## AIM OF THE EXERCISE
Please keep to the lines below from the one with "26. NSpacer White" through the one with "37. SWasher .375", and restate them word for word, ends included.

== MATERIAL SHOWN

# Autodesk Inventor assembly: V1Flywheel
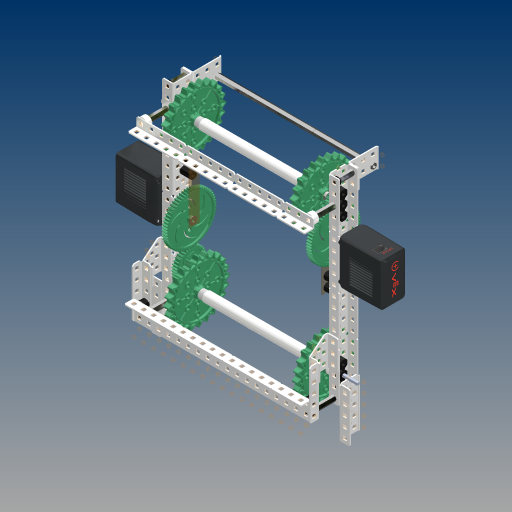
[picture p0: Inventor's stored thumbnail of the model, 512x512]
Saved by Autodesk Inventor 2023 (Build 270158000, 158)
## iProperties
Created: 2023-07-16
Part Number: V1Flywheel
Document SubType Name: Assembly
Designer: eddie
Author: eddie
## Documents named in this file (35)
- C:\Users\eddie\Documents\81208X-Over-Under-CAD\V1\V1Flywheel.iam
- C:\Users\eddie\Documents\81208X-Over-Under-CAD\VEX-CAD-Inventor-1.4.0\Structure\C Channel\Aluminum 1x2x1\Alu C 1x2x1x20.ipt
- C:\Users\eddie\Documents\81208X-Over-Under-CAD\VEX-CAD-Inventor-1.4.0\Motion\Shaft LS\Bearing Flat.ipt
- C:\Users\eddie\Documents\81208X-Over-Under-CAD\VEX-CAD-Inventor-1.4.0\Electronics\V5 Motor.ipt
- C:\Users\eddie\Documents\81208X-Over-Under-CAD\VEX-CAD-Inventor-1.4.0\Structure\Standoff\Standoff 1.00.ipt
- C:\Users\eddie\Documents\81208X-Over-Under-CAD\VEX-CAD-Inventor-1.4.0\Structure\Standoff.ipt
- C:\Users\eddie\Documents\81208X-Over-Under-CAD\VEX-CAD-Inventor-1.4.0\Motion\Spacers\Spacer Nylon .500 OD\NSpacer White .500 OD x .250.ipt
- C:\Users\eddie\Documents\81208X-Over-Under-CAD\VEX-CAD-Inventor-1.4.0\Motion\Spacers\Spacer Nylon .500 OD.ipt
- C:\Users\eddie\Documents\81208X-Over-Under-CAD\VEX-CAD-Inventor-1.4.0\Structure\Angle\Aluminum\1x1\Alu Angle 1x1x18.ipt
- C:\Users\eddie\Documents\81208X-Over-Under-CAD\VEX-CAD-Inventor-1.4.0\Motion\Shaft LS\Shaft LS\Shaft LS 9.0.ipt
- C:\Users\eddie\Documents\81208X-Over-Under-CAD\VEX-CAD-Inventor-1.4.0\Motion\Shaft LS\Shaft LS.ipt
- C:\Users\eddie\Documents\81208X-Over-Under-CAD\Custom-parts\Shaft Collar.ipt
- C:\Users\eddie\Documents\81208X-Over-Under-CAD\VEX-CAD-Inventor-1.4.0\Motion\Sprockets\9P Sprocket\9P 24T Sprocket, Square.iam
- C:\Users\eddie\Documents\81208X-Over-Under-CAD\VEX-CAD-Inventor-1.4.0\Motion\Sprockets\9P Sprocket.iam
- C:\Users\eddie\Documents\81208X-Over-Under-CAD\VEX-CAD-Inventor-1.4.0\Motion\Spacers\Spacer Nylon .500 OD\NSpacer White .500 OD x .375.ipt
- C:\Users\eddie\Documents\81208X-Over-Under-CAD\VEX-CAD-Inventor-1.4.0\Motion\Spacers\Washer Steel\SWasher .375 OD x .031250.ipt
- C:\Users\eddie\Documents\81208X-Over-Under-CAD\VEX-CAD-Inventor-1.4.0\Motion\Spacers\Washer Steel.ipt
- C:\Users\eddie\Documents\81208X-Over-Under-CAD\VEX-CAD-Inventor-1.4.0\Motion\Gears\LS 12T Gear.ipt
- C:\Users\eddie\Documents\81208X-Over-Under-CAD\VEX-CAD-Inventor-1.4.0\Motion\Gears\LS 60T Gear.ipt
- C:\Users\eddie\Documents\81208X-Over-Under-CAD\VEX-CAD-Inventor-1.4.0\Motion\Spacers\Spacer Nylon .375 OD\NSpacer .375 OD x .125.ipt
- C:\Users\eddie\Documents\81208X-Over-Under-CAD\VEX-CAD-Inventor-1.4.0\Motion\Spacers\Spacer Nylon .375 OD.ipt
- C:\Users\eddie\Documents\81208X-Over-Under-CAD\VEX-CAD-Inventor-1.4.0\Motion\Gears\LS 36T Gear.ipt
- C:\Users\eddie\Documents\81208X-Over-Under-CAD\VEX-CAD-Inventor-1.4.0\Motion\Gears\LS 12T Gear Steel.ipt
- C:\Users\eddie\Documents\81208X-Over-Under-CAD\VEX-CAD-Inventor-1.4.0\Structure\Angle\Aluminum\1x1\Alu Angle 1x1x5.ipt
- C:\Users\eddie\Documents\81208X-Over-Under-CAD\VEX-CAD-Inventor-1.4.0\Motion\Spacers\Spacer Nylon .375 OD\NSpacer .375 OD x .250.ipt
- C:\Users\eddie\Documents\81208X-Over-Under-CAD\Custom-parts\3x3x18 channel minus halfcut.ipt
- C:\Users\eddie\Documents\81208X-Over-Under-CAD\Custom-parts\3x2 channel triangular slice.ipt
- C:\Users\eddie\Documents\81208X-Over-Under-CAD\Custom-parts\2x3 channel without 1 side.ipt
- C:\Users\eddie\Documents\81208X-Over-Under-CAD\VEX-CAD-Inventor-1.4.0\Structure\Standoff\Standoff .75.ipt
- C:\Users\eddie\Documents\81208X-Over-Under-CAD\VEX-CAD-Inventor-1.4.0\Structure\Standoff\Standoff 5.00.ipt
- C:\Users\eddie\Documents\81208X-Over-Under-CAD\VEX-CAD-Inventor-1.4.0\Structure\Standoff\Standoff 3.00.ipt
- C:\Users\eddie\Documents\81208X-Over-Under-CAD\Custom-parts\2x5 channel without 1 side.ipt
- C:\Users\eddie\Documents\81208X-Over-Under-CAD\VEX-CAD-Inventor-1.4.0\Structure\Hardware\Nut Nylock.ipt
- C:\Users\eddie\Documents\81208X-Over-Under-CAD\Custom-parts\6holepolycarb.ipt
- C:\Users\eddie\Documents\81208X-Over-Under-CAD\VEX-CAD-Inventor-1.4.0\Motion\Spacers\Spacer Nylon .375 OD\NSpacer .375 OD x .375.ipt
## Components (119 placed, 28 different names)
1. Alu C 1x2x1x20:1 — Insert:1, Insert:2, Insert:3, Insert:36, Insert:71, Insert:72, Insert:91, Insert:92, Insert:96, Insert:119, Insert:120
2. Bearing Flat:1 — Insert:1, Insert:10
3. V5 Motor:1 — Insert:2
4. Standoff 1.00:1 — Insert:3, Insert:4
5. NSpacer White .500 OD x .250:1 — Insert:4, Insert:5
6. Alu Angle 1x1x18:1 — Insert:5, Insert:6
7. NSpacer White .500 OD x .250:2 — Insert:6, Insert:7
8. Standoff 1.00:2 — Insert:7, Insert:8
9. Alu C 1x2x1x20:2 — Insert:8, Insert:9, Insert:11, Insert:39, Insert:40, Insert:41, Insert:42, Insert:44, Insert:47, Insert:80, Insert:90, Insert:93, Insert:98, Insert:114, Mate:1
10. Bearing Flat:2 — Insert:9
11. Shaft LS 9.0:1 — Insert:10
12. NSpacer White .500 OD x .250:3 — Insert:11, Insert:12
13. Shaft Collar:1 — Insert:13, Insert:14
14. 9P 24T Sprocket, Square:1 [sub-assembly] — Insert:12, Insert:13
15. NSpacer White .500 OD x .250:4 — Insert:14, Insert:15
16. NSpacer White .500 OD x .375:5 — Insert:15, Insert:16
17. NSpacer White .500 OD x .375:6 — Insert:18, Insert:19
18. NSpacer White .500 OD x .375:7 — Insert:21, Insert:22
19. NSpacer White .500 OD x .375:8 — Insert:19, Insert:20
20. NSpacer White .500 OD x .375:9 — Insert:17, Insert:18
21. NSpacer White .500 OD x .375:10 — Insert:16, Insert:17
22. NSpacer White .500 OD x .375:11 — Insert:24, Insert:25
23. NSpacer White .500 OD x .375:12 — Insert:22, Insert:23
24. NSpacer White .500 OD x .375:13 — Insert:25, Insert:26
25. NSpacer White .500 OD x .375:14 — Insert:23, Insert:24
26. NSpacer White .500 OD x .375:15 — Insert:26, Insert:27
27. NSpacer White .500 OD x .375:16 — Insert:27, Insert:28
28. NSpacer White .500 OD x .375:17 — Insert:20, Insert:21
29. NSpacer White .500 OD x .375:18 — Insert:28, Insert:29
30. Shaft Collar:2 — Insert:29, Insert:30
31. 9P 24T Sprocket, Square:2 [sub-assembly] — Insert:30, Insert:31
32. SWasher .375 OD x .031250:1 — Insert:31, Insert:32
33. SWasher .375 OD x .031250:2 — Insert:32, Insert:33
34. SWasher .375 OD x .031250:3 — Insert:34, Insert:35
35. SWasher .375 OD x .031250:4 — Insert:33, Insert:34
36. LS 12T Gear:1 — Insert:35
37. SWasher .375 OD x .031250:5 — Insert:36, Insert:37
38. LS 60T Gear:1 — Insert:37, Insert:123
39. Bearing Flat:3 — Insert:39, Insert:46, Insert:109
40. Bearing Flat:4 — Insert:40
41. V5 Motor:2 — Insert:41
42. NSpacer .375 OD x .125:1 — Insert:42, Insert:43
43. LS 60T Gear:2 — Insert:43, Insert:112
44. LS 36T Gear:1 — Insert:45
45. NSpacer .375 OD x .125:2 — Insert:44, Insert:45
46. Shaft LS 9.0:2 — Insert:46
47. LS 12T Gear Steel:1 — Insert:47, Insert:48
48. SWasher .375 OD x .031250:6 — Insert:48, Insert:49
49. SWasher .375 OD x .031250:7 — Insert:49, Insert:50
50. 9P 24T Sprocket, Square:3 [sub-assembly] — Insert:50, Insert:51
51. Shaft Collar:3 — Insert:51, Insert:52
52. NSpacer White .500 OD x .375:19 — Insert:52, Insert:53
53. NSpacer White .500 OD x .375:20 — Insert:53, Insert:54
54. NSpacer White .500 OD x .375:21 — Insert:54, Insert:55
55. NSpacer White .500 OD x .375:22 — Insert:55, Insert:56
56. NSpacer White .500 OD x .375:23 — Insert:57, Insert:58
57. NSpacer White .500 OD x .375:24 — Insert:56, Insert:57
58. NSpacer White .500 OD x .250:25 — Insert:58, Insert:59
59. NSpacer White .500 OD x .375:26 — Insert:59, Insert:60
60. NSpacer White .500 OD x .375:27 — Insert:60, Insert:61
61. NSpacer White .500 OD x .375:28 — Insert:61, Insert:62
62. NSpacer White .500 OD x .375:29 — Insert:62, Insert:63
63. NSpacer White .500 OD x .375:30 — Insert:63, Insert:64
64. NSpacer White .500 OD x .375:31 — Insert:64, Insert:65
65. NSpacer White .500 OD x .375:32 — Insert:66, Insert:67
66. NSpacer White .500 OD x .375:33 — Insert:65, Insert:66
67. Shaft Collar:4 — Insert:67, Insert:68
68. 9P 24T Sprocket, Square:4 [sub-assembly] — Insert:68, Insert:69
69. NSpacer White .500 OD x .250:34 — Insert:69
70. Bearing Flat:5 — Insert:71, Insert:106
71. Standoff 1.00:3 — Insert:72, Insert:73
72. Alu Angle 1x1x5:1 — Insert:73, Insert:74, Insert:75
73. NSpacer .375 OD x .250:3 — Insert:76, Insert:78
74. NSpacer .375 OD x .250:4 — Insert:77, Insert:79
75. SWasher .375 OD x .031250:8 — Insert:79
76. SWasher .375 OD x .031250:9 — Insert:75, Insert:77
77. SWasher .375 OD x .031250:10 — Insert:74, Insert:76
78. SWasher .375 OD x .031250:11 — Insert:78
79. Standoff 1.00:4 — Insert:80, Insert:82
80. Alu Angle 1x1x5:2 — Insert:82, Insert:83, Insert:84
81. SWasher .375 OD x .031250:12 — Insert:84, Insert:86
82. SWasher .375 OD x .031250:13 — Insert:83, Insert:85
83. SWasher .375 OD x .031250:14 — Insert:87
84. SWasher .375 OD x .031250:15 — Insert:88, Insert:89
85. NSpacer .375 OD x .250:5 — Insert:86, Insert:88
86. NSpacer .375 OD x .250:6 — Insert:85, Insert:87
87. 3x3x18 channel minus halfcut:1 — Insert:89
88. 3x2 channel triangular slice:1 — Insert:90
89. 3x2 channel triangular slice:2 — Insert:91
90. 2x3 channel without 1 side:1 — Insert:92
91. 2x3 channel without 1 side:2 — Insert:93, Insert:100
92. NSpacer .375 OD x .125:8 — Insert:96, Insert:97
93. Standoff .75:6 — Insert:97
94. NSpacer .375 OD x .125:9 — Insert:98, Insert:99
95. Standoff .75:7 — Insert:99
96. Standoff 5.00:8 — Insert:100, Insert:101
97. Standoff 3.00:9 — Insert:101
98. 2x5 channel without 1 side:1 — Insert:108
99. Nut Nylock:1 — Insert:106, Insert:107
100. SWasher .375 OD x .031250:18 — Insert:107, Insert:108
101. Nut Nylock:2 — Insert:109, Insert:110
102. SWasher .375 OD x .031250:19 — Insert:110, Insert:111
103. 2x5 channel without 1 side:2 — Insert:111
104. SWasher .375 OD x .031250:20 — Insert:112, Insert:113
105. 6holepolycarb:1 — Insert:113
106. SWasher .375 OD x .031250:22 — Insert:114, Insert:116
107. SWasher .375 OD x .031250:24 — Mate:1, Insert:115
108. NSpacer .375 OD x .375:10 — Insert:115, Insert:118
109. NSpacer .375 OD x .375:11 — Insert:116, Insert:117
110. NSpacer .375 OD x .125:12 — Insert:118
111. NSpacer .375 OD x .125:13 — Insert:117
112. SWasher .375 OD x .031250:25 — Insert:120, Insert:122
113. SWasher .375 OD x .031250:26 — Insert:119, Insert:121
114. NSpacer .375 OD x .375:14 — Insert:121, Insert:125
115. NSpacer .375 OD x .375:15 — Insert:122, Insert:126
116. 6holepolycarb:2 — Insert:124
117. NSpacer .375 OD x .125:16 — Insert:123, Insert:124
118. NSpacer .375 OD x .125:17 — Insert:125
119. NSpacer .375 OD x .125:18 — Insert:126
## Relationships (118: Insert 117, Mate 1)
- Insert:1: Alu C 1x2x1x20:1 ↔ Bearing Flat:1
- Insert:2: Alu C 1x2x1x20:1 ↔ V5 Motor:1
- Insert:3: Alu C 1x2x1x20:1 ↔ Standoff 1.00:1
- Insert:4: Standoff 1.00:1 ↔ NSpacer White .500 OD x .250:1
- Insert:5: NSpacer White .500 OD x .250:1 ↔ Alu Angle 1x1x18:1
- Insert:6: Alu Angle 1x1x18:1 ↔ NSpacer White .500 OD x .250:2
- Insert:7: NSpacer White .500 OD x .250:2 ↔ Standoff 1.00:2
- Insert:8: Standoff 1.00:2 ↔ Alu C 1x2x1x20:2
- Insert:9: Alu C 1x2x1x20:2 ↔ Bearing Flat:2
- Insert:10: Bearing Flat:1 ↔ Shaft LS 9.0:1
- Insert:11: Alu C 1x2x1x20:2 ↔ NSpacer White .500 OD x .250:3
- Insert:12: NSpacer White .500 OD x .250:3 ↔ 9P 24T Sprocket, Square:1
- Insert:13: Shaft Collar:1 ↔ 9P 24T Sprocket, Square:1
- Insert:14: Shaft Collar:1 ↔ NSpacer White .500 OD x .250:4
- Insert:15: NSpacer White .500 OD x .250:4 ↔ NSpacer White .500 OD x .375:5
- Insert:16: NSpacer White .500 OD x .375:5 ↔ NSpacer White .500 OD x .375:10
- Insert:17: NSpacer White .500 OD x .375:9 ↔ NSpacer White .500 OD x .375:10
- Insert:18: NSpacer White .500 OD x .375:6 ↔ NSpacer White .500 OD x .375:9
- Insert:19: NSpacer White .500 OD x .375:6 ↔ NSpacer White .500 OD x .375:8
- Insert:20: NSpacer White .500 OD x .375:8 ↔ NSpacer White .500 OD x .375:17
- Insert:21: NSpacer White .500 OD x .375:7 ↔ NSpacer White .500 OD x .375:17
- Insert:22: NSpacer White .500 OD x .375:7 ↔ NSpacer White .500 OD x .375:12
- Insert:23: NSpacer White .500 OD x .375:12 ↔ NSpacer White .500 OD x .375:14
- Insert:24: NSpacer White .500 OD x .375:11 ↔ NSpacer White .500 OD x .375:14
- Insert:25: NSpacer White .500 OD x .375:11 ↔ NSpacer White .500 OD x .375:13
- Insert:26: NSpacer White .500 OD x .375:13 ↔ NSpacer White .500 OD x .375:15
- Insert:27: NSpacer White .500 OD x .375:15 ↔ NSpacer White .500 OD x .375:16
- Insert:28: NSpacer White .500 OD x .375:16 ↔ NSpacer White .500 OD x .375:18
- Insert:29: NSpacer White .500 OD x .375:18 ↔ Shaft Collar:2
- Insert:30: Shaft Collar:2 ↔ 9P 24T Sprocket, Square:2
- Insert:31: 9P 24T Sprocket, Square:2 ↔ SWasher .375 OD x .031250:1
- Insert:32: SWasher .375 OD x .031250:1 ↔ SWasher .375 OD x .031250:2
- Insert:33: SWasher .375 OD x .031250:2 ↔ SWasher .375 OD x .031250:4
- Insert:34: SWasher .375 OD x .031250:3 ↔ SWasher .375 OD x .031250:4
- Insert:35: SWasher .375 OD x .031250:3 ↔ LS 12T Gear:1
- Insert:36: Alu C 1x2x1x20:1 ↔ SWasher .375 OD x .031250:5
- Insert:37: SWasher .375 OD x .031250:5 ↔ LS 60T Gear:1
- Insert:39: Alu C 1x2x1x20:2 ↔ Bearing Flat:3
- Insert:40: Alu C 1x2x1x20:2 ↔ Bearing Flat:4
- Insert:41: Alu C 1x2x1x20:2 ↔ V5 Motor:2
- Insert:42: Alu C 1x2x1x20:2 ↔ NSpacer .375 OD x .125:1
- Insert:43: NSpacer .375 OD x .125:1 ↔ LS 60T Gear:2
- Insert:44: Alu C 1x2x1x20:2 ↔ NSpacer .375 OD x .125:2
- Insert:45: LS 36T Gear:1 ↔ NSpacer .375 OD x .125:2
- Insert:46: Bearing Flat:3 ↔ Shaft LS 9.0:2
- Insert:47: Alu C 1x2x1x20:2 ↔ LS 12T Gear Steel:1
- Insert:48: LS 12T Gear Steel:1 ↔ SWasher .375 OD x .031250:6
- Insert:49: SWasher .375 OD x .031250:6 ↔ SWasher .375 OD x .031250:7
- Insert:50: SWasher .375 OD x .031250:7 ↔ 9P 24T Sprocket, Square:3
- Insert:51: 9P 24T Sprocket, Square:3 ↔ Shaft Collar:3
- Insert:52: Shaft Collar:3 ↔ NSpacer White .500 OD x .375:19
- Insert:53: NSpacer White .500 OD x .375:19 ↔ NSpacer White .500 OD x .375:20
- Insert:54: NSpacer White .500 OD x .375:20 ↔ NSpacer White .500 OD x .375:21
- Insert:55: NSpacer White .500 OD x .375:21 ↔ NSpacer White .500 OD x .375:22
- Insert:56: NSpacer White .500 OD x .375:22 ↔ NSpacer White .500 OD x .375:24
- Insert:57: NSpacer White .500 OD x .375:23 ↔ NSpacer White .500 OD x .375:24
- Insert:58: NSpacer White .500 OD x .375:23 ↔ NSpacer White .500 OD x .250:25
- Insert:59: NSpacer White .500 OD x .250:25 ↔ NSpacer White .500 OD x .375:26
- Insert:60: NSpacer White .500 OD x .375:26 ↔ NSpacer White .500 OD x .375:27
- Insert:61: NSpacer White .500 OD x .375:27 ↔ NSpacer White .500 OD x .375:28
- Insert:62: NSpacer White .500 OD x .375:28 ↔ NSpacer White .500 OD x .375:29
- Insert:63: NSpacer White .500 OD x .375:29 ↔ NSpacer White .500 OD x .375:30
- Insert:64: NSpacer White .500 OD x .375:30 ↔ NSpacer White .500 OD x .375:31
- Insert:65: NSpacer White .500 OD x .375:31 ↔ NSpacer White .500 OD x .375:33
- Insert:66: NSpacer White .500 OD x .375:32 ↔ NSpacer White .500 OD x .375:33
- Insert:67: NSpacer White .500 OD x .375:32 ↔ Shaft Collar:4
- Insert:68: Shaft Collar:4 ↔ 9P 24T Sprocket, Square:4
- Insert:69: 9P 24T Sprocket, Square:4 ↔ NSpacer White .500 OD x .250:34
- Insert:71: Alu C 1x2x1x20:1 ↔ Bearing Flat:5
- Insert:72: Alu C 1x2x1x20:1 ↔ Standoff 1.00:3
- Insert:73: Standoff 1.00:3 ↔ Alu Angle 1x1x5:1
- Insert:74: Alu Angle 1x1x5:1 ↔ SWasher .375 OD x .031250:10
- Insert:75: Alu Angle 1x1x5:1 ↔ SWasher .375 OD x .031250:9
- Insert:76: NSpacer .375 OD x .250:3 ↔ SWasher .375 OD x .031250:10
- Insert:77: NSpacer .375 OD x .250:4 ↔ SWasher .375 OD x .031250:9
- Insert:78: NSpacer .375 OD x .250:3 ↔ SWasher .375 OD x .031250:11
- Insert:79: NSpacer .375 OD x .250:4 ↔ SWasher .375 OD x .031250:8
- Insert:80: Alu C 1x2x1x20:2 ↔ Standoff 1.00:4
- Insert:82: Standoff 1.00:4 ↔ Alu Angle 1x1x5:2
- Insert:83: Alu Angle 1x1x5:2 ↔ SWasher .375 OD x .031250:13
- Insert:84: Alu Angle 1x1x5:2 ↔ SWasher .375 OD x .031250:12
- Insert:85: SWasher .375 OD x .031250:13 ↔ NSpacer .375 OD x .250:6
- Insert:86: SWasher .375 OD x .031250:12 ↔ NSpacer .375 OD x .250:5
- Insert:87: SWasher .375 OD x .031250:14 ↔ NSpacer .375 OD x .250:6
- Insert:88: SWasher .375 OD x .031250:15 ↔ NSpacer .375 OD x .250:5
- Insert:89: SWasher .375 OD x .031250:15 ↔ 3x3x18 channel minus halfcut:1
- Insert:90: Alu C 1x2x1x20:2 ↔ 3x2 channel triangular slice:1
- Insert:91: Alu C 1x2x1x20:1 ↔ 3x2 channel triangular slice:2
- Insert:92: Alu C 1x2x1x20:1 ↔ 2x3 channel without 1 side:1
- Insert:93: Alu C 1x2x1x20:2 ↔ 2x3 channel without 1 side:2
- Insert:96: Alu C 1x2x1x20:1 ↔ NSpacer .375 OD x .125:8
- Insert:97: NSpacer .375 OD x .125:8 ↔ Standoff .75:6
- Insert:98: Alu C 1x2x1x20:2 ↔ NSpacer .375 OD x .125:9
- Insert:99: NSpacer .375 OD x .125:9 ↔ Standoff .75:7
- Insert:100: 2x3 channel without 1 side:2 ↔ Standoff 5.00:8
- Insert:101: Standoff 5.00:8 ↔ Standoff 3.00:9
- Insert:106: Bearing Flat:5 ↔ Nut Nylock:1
- Insert:107: Nut Nylock:1 ↔ SWasher .375 OD x .031250:18
- Insert:108: 2x5 channel without 1 side:1 ↔ SWasher .375 OD x .031250:18
- Insert:109: Bearing Flat:3 ↔ Nut Nylock:2
- Insert:110: Nut Nylock:2 ↔ SWasher .375 OD x .031250:19
- Insert:111: SWasher .375 OD x .031250:19 ↔ 2x5 channel without 1 side:2
- Insert:112: LS 60T Gear:2 ↔ SWasher .375 OD x .031250:20
- Insert:113: SWasher .375 OD x .031250:20 ↔ 6holepolycarb:1
- Insert:114: Alu C 1x2x1x20:2 ↔ SWasher .375 OD x .031250:22
- Mate:1: Alu C 1x2x1x20:2 ↔ SWasher .375 OD x .031250:24
- Insert:115: SWasher .375 OD x .031250:24 ↔ NSpacer .375 OD x .375:10
- Insert:116: SWasher .375 OD x .031250:22 ↔ NSpacer .375 OD x .375:11
- Insert:117: NSpacer .375 OD x .375:11 ↔ NSpacer .375 OD x .125:13
- Insert:118: NSpacer .375 OD x .375:10 ↔ NSpacer .375 OD x .125:12
- Insert:119: Alu C 1x2x1x20:1 ↔ SWasher .375 OD x .031250:26
- Insert:120: Alu C 1x2x1x20:1 ↔ SWasher .375 OD x .031250:25
- Insert:121: SWasher .375 OD x .031250:26 ↔ NSpacer .375 OD x .375:14
- Insert:122: SWasher .375 OD x .031250:25 ↔ NSpacer .375 OD x .375:15
- Insert:123: LS 60T Gear:1 ↔ NSpacer .375 OD x .125:16
- Insert:124: 6holepolycarb:2 ↔ NSpacer .375 OD x .125:16
- Insert:125: NSpacer .375 OD x .375:14 ↔ NSpacer .375 OD x .125:17
- Insert:126: NSpacer .375 OD x .375:15 ↔ NSpacer .375 OD x .125:18

====

## PROBLEM SOLUTION
26. NSpacer White .500 OD x .375:15 — Insert:26, Insert:27
27. NSpacer White .500 OD x .375:16 — Insert:27, Insert:28
28. NSpacer White .500 OD x .375:17 — Insert:20, Insert:21
29. NSpacer White .500 OD x .375:18 — Insert:28, Insert:29
30. Shaft Collar:2 — Insert:29, Insert:30
31. 9P 24T Sprocket, Square:2 [sub-assembly] — Insert:30, Insert:31
32. SWasher .375 OD x .031250:1 — Insert:31, Insert:32
33. SWasher .375 OD x .031250:2 — Insert:32, Insert:33
34. SWasher .375 OD x .031250:3 — Insert:34, Insert:35
35. SWasher .375 OD x .031250:4 — Insert:33, Insert:34
36. LS 12T Gear:1 — Insert:35
37. SWasher .375 OD x .031250:5 — Insert:36, Insert:37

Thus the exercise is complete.